### Time consuming of semblance

The main problem of semblance calculation is thar it very time consuming opeartion. This notebook is aimed to show few approaches to semblance calculation and redusing time.

In [2]:
import sys

import numpy as np
import matplotlib.pyplot as plt

sys.path.append('..')

from seismicpro.batchflow import ImagesBatch, Dataset, V, B, Pipeline, D
from seismicpro import FieldIndex, CustomIndex, SeismicDataset, seismic_plot, SeismicBatch

### Semblance calculation

For semblance calculation we use the following formula:
$$S = \frac{\sum^{k+N/2}_{k-N/2}(\sum^M_1 f_{ij})^2}{M \sum^{k+N/2}_{k-N/2}\sum^M_1 (f_{ij})^2} \text{ ,where }$$

* k - time sample
* N - window size
* M - number of traces
* f - value of amplitude

This secotion will contains few approaches for semblance calculation in order to reduce the time.

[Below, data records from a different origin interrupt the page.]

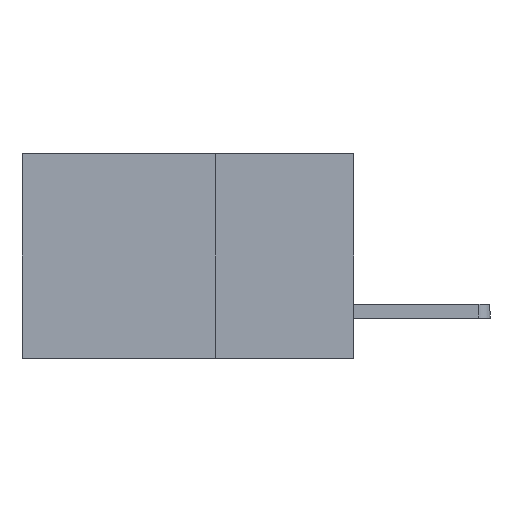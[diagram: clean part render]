
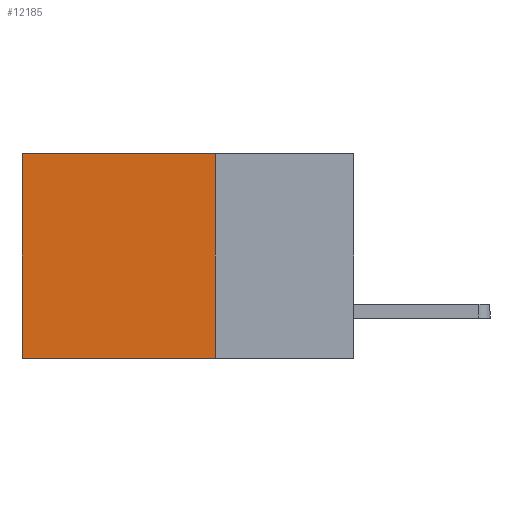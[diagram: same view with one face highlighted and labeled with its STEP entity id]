
A CAD part, left-side view. The second image highlights one B-rep face of the part: STEP entity #12185.
In plain terms, the highlighted planar face has unit normal (-1, 0, 0).
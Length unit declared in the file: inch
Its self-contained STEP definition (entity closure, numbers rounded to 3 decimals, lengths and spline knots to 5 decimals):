
#390 = LINE ( 'NONE', #3952, #6496 ) ;
#605 = FACE_OUTER_BOUND ( 'NONE', #4751, .T. ) ;
#644 = CARTESIAN_POINT ( 'NONE',  ( 0.2875, 0.25, 0. ) ) ;
#1054 = VECTOR ( 'NONE', #2415, 39.37008 ) ;
#1253 = LINE ( 'NONE', #4514, #12712 ) ;
#1760 = DIRECTION ( 'NONE',  ( 0., 0., -1. ) ) ;
#1796 = CARTESIAN_POINT ( 'NONE',  ( 0.2875, 0.25, 0. ) ) ;
#2415 = DIRECTION ( 'NONE',  ( 0., 1., 0. ) ) ;
#2869 = VECTOR ( 'NONE', #10350, 39.37008 ) ;
#2874 = ORIENTED_EDGE ( 'NONE', *, *, #3385, .F. ) ;
#3066 = CARTESIAN_POINT ( 'NONE',  ( 0.2875, 0.25, -0.37 ) ) ;
#3385 = EDGE_CURVE ( 'NONE', #12848, #10768, #390, .T. ) ;
#3952 = CARTESIAN_POINT ( 'NONE',  ( 0.2875, 0.25, 0. ) ) ;
#4514 = CARTESIAN_POINT ( 'NONE',  ( 0.2875, 0.6, 0. ) ) ;
#4751 = EDGE_LOOP ( 'NONE', ( #13296, #12854, #2874, #6000 ) ) ;
#5113 = VERTEX_POINT ( 'NONE', #12728 ) ;
#6000 = ORIENTED_EDGE ( 'NONE', *, *, #8452, .T. ) ;
#6490 = VERTEX_POINT ( 'NONE', #11670 ) ;
#6496 = VECTOR ( 'NONE', #7099, 39.37008 ) ;
#6723 = CARTESIAN_POINT ( 'NONE',  ( 0.2875, 0.25, 0. ) ) ;
#6943 = EDGE_CURVE ( 'NONE', #10768, #6490, #11236, .T. ) ;
#7085 = PLANE ( 'NONE',  #11694 ) ;
#7099 = DIRECTION ( 'NONE',  ( 0., 0., -1. ) ) ;
#7833 = EDGE_CURVE ( 'NONE', #5113, #6490, #1253, .T. ) ;
#8160 = DIRECTION ( 'NONE',  ( 1., 0., 0. ) ) ;
#8452 = EDGE_CURVE ( 'NONE', #12848, #5113, #12213, .T. ) ;
#9365 = CARTESIAN_POINT ( 'NONE',  ( 0.2875, 0.25, -0.37 ) ) ;
#10350 = DIRECTION ( 'NONE',  ( 0., 1., 0. ) ) ;
#10768 = VERTEX_POINT ( 'NONE', #3066 ) ;
#11236 = LINE ( 'NONE', #9365, #2869 ) ;
#11670 = CARTESIAN_POINT ( 'NONE',  ( 0.2875, 0.6, -0.37 ) ) ;
#11694 = AXIS2_PLACEMENT_3D ( 'NONE', #644, #8160, #1760 ) ;
#11771 = DIRECTION ( 'NONE',  ( 0., 0., -1. ) ) ;
#12185 = ADVANCED_FACE ( 'NONE', ( #605 ), #7085, .F. ) ;
#12213 = LINE ( 'NONE', #6723, #1054 ) ;
#12712 = VECTOR ( 'NONE', #11771, 39.37008 ) ;
#12728 = CARTESIAN_POINT ( 'NONE',  ( 0.2875, 0.6, 0. ) ) ;
#12848 = VERTEX_POINT ( 'NONE', #1796 ) ;
#12854 = ORIENTED_EDGE ( 'NONE', *, *, #6943, .F. ) ;
#13296 = ORIENTED_EDGE ( 'NONE', *, *, #7833, .T. ) ;

Frist approach is numba with 3 nested loops. Function ```_calc_semb_hard``` in utils that one can find [here](../seismicpro/src/semblance_utils.py).

In [13]:
%%time
batch = (SeismicDataset(ix_raw, batch_class=SeismicBatch).next_batch(1)
         .load(fmt='segy', components='raw', tslice=slice(1500))
         .sort_traces(src='raw', dst='raw', sort_by='offset')
         .calculate_semblance('raw', 'semblance_hard', [1200, 6000], 30, window=51, method='hard')
)

CPU times: user 3.36 s, sys: 35.1 ms, total: 3.39 s
Wall time: 3.38 s


Funciton with one numba loop and matrix operations. Function ```_calc_semb_hard_numba_mx```.

In [12]:
%%time
batch = (SeismicDataset(ix_raw, batch_class=SeismicBatch).next_batch(1)
         .load(fmt='segy', components='raw', tslice=slice(1500))
         .sort_traces(src='raw', dst='raw', sort_by='offset')
         .calculate_semblance('raw', 'semblance_numba_matrix', [1200, 6000], 30, window=51, method='numba_matrix')
)

CPU times: user 6.78 s, sys: 129 ms, total: 6.91 s
Wall time: 6.89 s


One loop with pure numpy matrix operations. Function ```_calc_semb_hard_matrix```.

In [11]:
%%time
batch = (SeismicDataset(ix_raw, batch_class=SeismicBatch).next_batch(1)
         .load(fmt='segy', components='raw', tslice=slice(1500))
         .sort_traces(src='raw', dst='raw', sort_by='offset')
         .calculate_semblance('raw', 'semblance_matrix', [1200, 6000], 30, window=51, method='matrix')
)

CPU times: user 11.4 s, sys: 845 ms, total: 12.2 s
Wall time: 12.2 s


To conclude we can say that the fastest method is to use numba with 3 nested loops.